By Andrea Orlando
The National Consortium for Creative Placemaking
Almost all survey respondents enjoyed themselves and gained useful information at the 2019 Pacific Creative Placemaking Leadership Summit in Los Angeles in June, according to the post-summit survey. An overwhelming majority reported that they learned more than they had expected.
"It was incredibly informative, diverse, and with tangible case studies. I walked away learning the three most important things I was hoping to learn - objectives met!" wrote one survey respondent.
The positive responses are consistent with surveys conducted after previous Creative Placemaking Leadership Summits. The National Consortium for Creative Placemaking organized four regional Summits in 2018 that culminated with another national Summit in the Washington D.C. area last October. This year, the national Summit will occur in Phoenix, Nov. 14-16, and will follow four regional Summits. (The fourth regional Summit will cover the Midwest in Cincinnati, Oct. 10-12.)

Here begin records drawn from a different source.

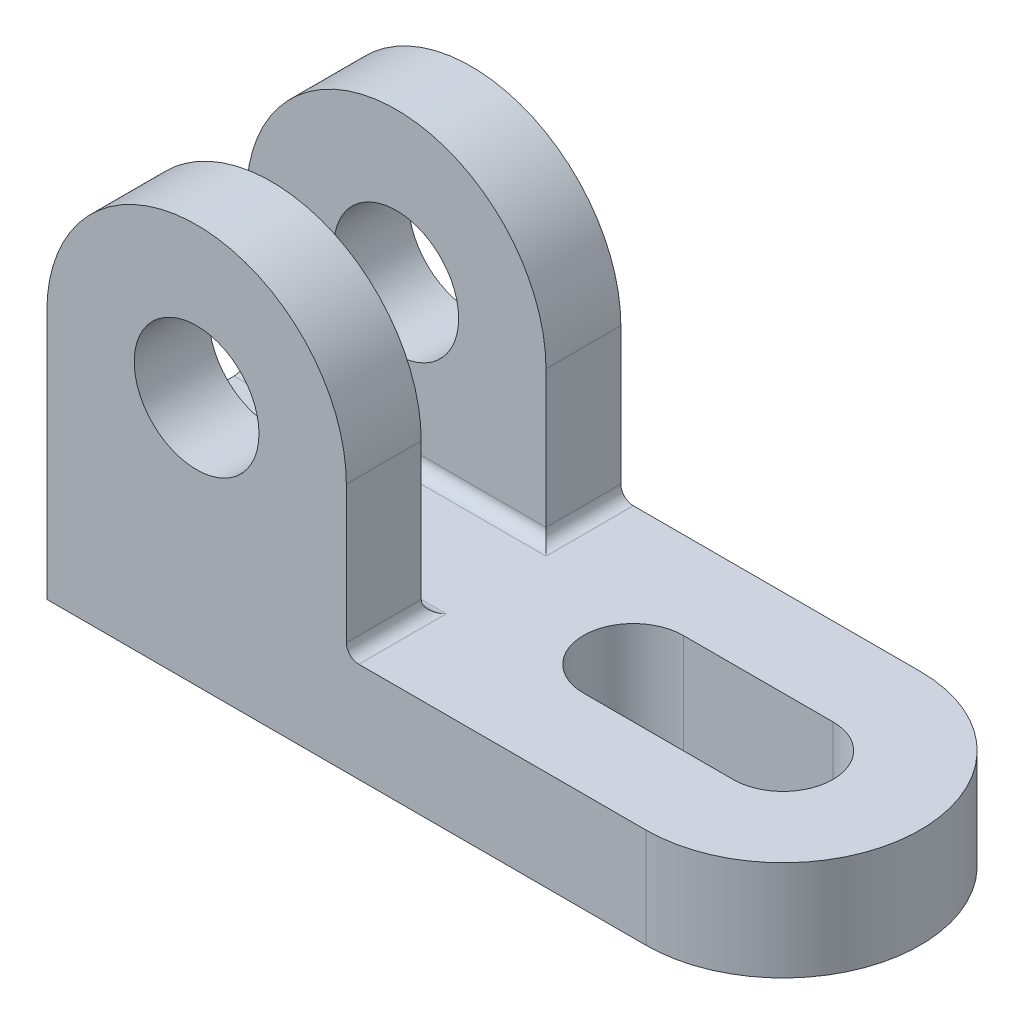
from build123d import *

# Parameters (mm, degrees)
SKETCH1_R           = 22
BOSS_EXTRUDE1_DEPTH = 16
CUT_EXTRUDE1_DEPTH  = 16
BOSS_EXTRUDE2_DEPTH = 12
FILLET1_R           = 2


with BuildPart() as part:
    # Sketch1 → Boss-Extrude1 (new body)
    with BuildSketch(Plane(origin=(0, 0, 0), x_dir=(1, 0, 0), z_dir=(0, 1, 0))):
        with BuildLine():
            Line((37.000000064, 22), (-59, 22))
            Line((-59, 22), (-59, -22))
            Line((-59, -22), (37, -22))
            ThreePointArc((37, -22), (15, 3.2e-08), (37.000000064, 22))
        make_face()
        with Locations((37, 0)):
            Circle(SKETCH1_R)
    extrude(amount=BOSS_EXTRUDE1_DEPTH)

    # Sketch4 → Cut-Extrude1 (cut)
    with BuildSketch(Plane(origin=(0, 16, 0), x_dir=(1, 0, 0), z_dir=(0, 1, 0))):
        with BuildLine():
            Line((37, -8), (13, -8))
            ThreePointArc((13, -8), (5, 0), (13, 8))
            Line((13, 8), (37, 8))
            ThreePointArc((37, 8), (45, 0), (37, -8))
        make_face()
    extrude(amount=-CUT_EXTRUDE1_DEPTH, mode=Mode.SUBTRACT)

    # Sketch5 → Boss-Extrude2 (add)
    with BuildSketch(Plane.XY.offset(22)):
        with BuildLine():
            ThreePointArc((-59, 40), (-51.970562748, 23.029437252), (-35, 16))
            ThreePointArc((-35, 16), (-18.029437252, 23.029437252), (-11, 40))
            Line((-11, 40), (-25, 40))
            ThreePointArc((-25, 40), (-35, 30), (-45, 40))
            Line((-45, 40), (-59, 40))
        make_face()
        with BuildLine():
            ThreePointArc((-11, 40), (-35, 64), (-59, 40))
            Line((-59, 40), (-45, 40))
            ThreePointArc((-45, 40), (-35, 50), (-25, 40))
            Line((-25, 40), (-11, 40))
        make_face()
        with BuildLine():
            Line((-59, 40), (-59, 16))
            Line((-59, 16), (-35, 16))
            ThreePointArc((-35, 16), (-51.970562748, 23.029437252), (-59, 40))
        make_face()
        with BuildLine():
            ThreePointArc((-11, 40), (-18.029437252, 23.029437252), (-35, 16))
            Line((-35, 16), (-11, 16))
            Line((-11, 16), (-11, 40))
        make_face()
    boss_extrude2 = extrude(amount=-BOSS_EXTRUDE2_DEPTH)

    # Mirror1: Boss-Extrude2 across plane
    add(boss_extrude2.mirror(Plane.XY))

    # Fillet1
    fillet1_edges = [part.edges().sort_by_distance(p)[0] for p in [
        (-11, 16, 16),
        (-35, 16, 10),
        (-35, 16, -10),
        (-11, 16, -16),
    ]]
    fillet(fillet1_edges, radius=FILLET1_R)


solid = part.part

Of 186 people who registered for the Pacific Summit, 31 completed the online survey. Respondents liked their teachers. About 83 percent agreed or strongly agreed that they were satisfied with the diversity and quality of instructors. (Only 18 percent of the respondents identified as instructors. The rest were attendees.)
Some 81 percent reported they expanded their networks, and 90 percent agreed that there was plenty of time for networking. 77 percent concurred there was a good mix of learning experiences.
Summit attendees are typically an eclectic mix of leaders, volunteers and managers in a variety of professions, and many of them lead busy lives and wear multiple hats. The Pacific summit was no different. Survey participants work or volunteer at grant making organizations and in architecture, engineering, planning or design organizations. Many produce art, and a number of them are involved in arts advocacy and administration. They also work or study at schools, colleges or universities. Many also work in community or economic development. A small number work in destination marketing.
Respondents were allowed to identify with more than one industry, and many did. Of the 31 people who answered the question about profession, 13 people, or 42 percent, checked more than one box.
In each professional category, respondents were asked to identify as either an executive or key decision maker, a manager or coordinator, a self-employed person, consultant, student or other. In every category a preponderance of respondents identified either as key decision makers or managers, with the exception of art production. Most of the artists identified as either self employed or students/interns. In arts administration, most people identified as executive or key decision makers or managers.
NCCP values iterative processes that incorporate feedback and address evolving needs. To this end, the survey inquired what NCCP
could do to make future Summits even better. The answers, like our eclectic attendees, varied greatly. The most common suggestion was to hold the Summits at locations that embody creative placemaking values. A few respondents indicated that there were too many good choices and not enough time to attend everything. One person expressed disappointment that many people left the Summit before the third day, when four simultaneous field workshops in Los Angeles were held. A few people requested more structured networking intended for introverted people or those who wanted to quickly find their peers from their own professions. One individual suggested having an "action center" to test ideas in spaces. Another person suggested more options for people who do creative placemaking in rural areas.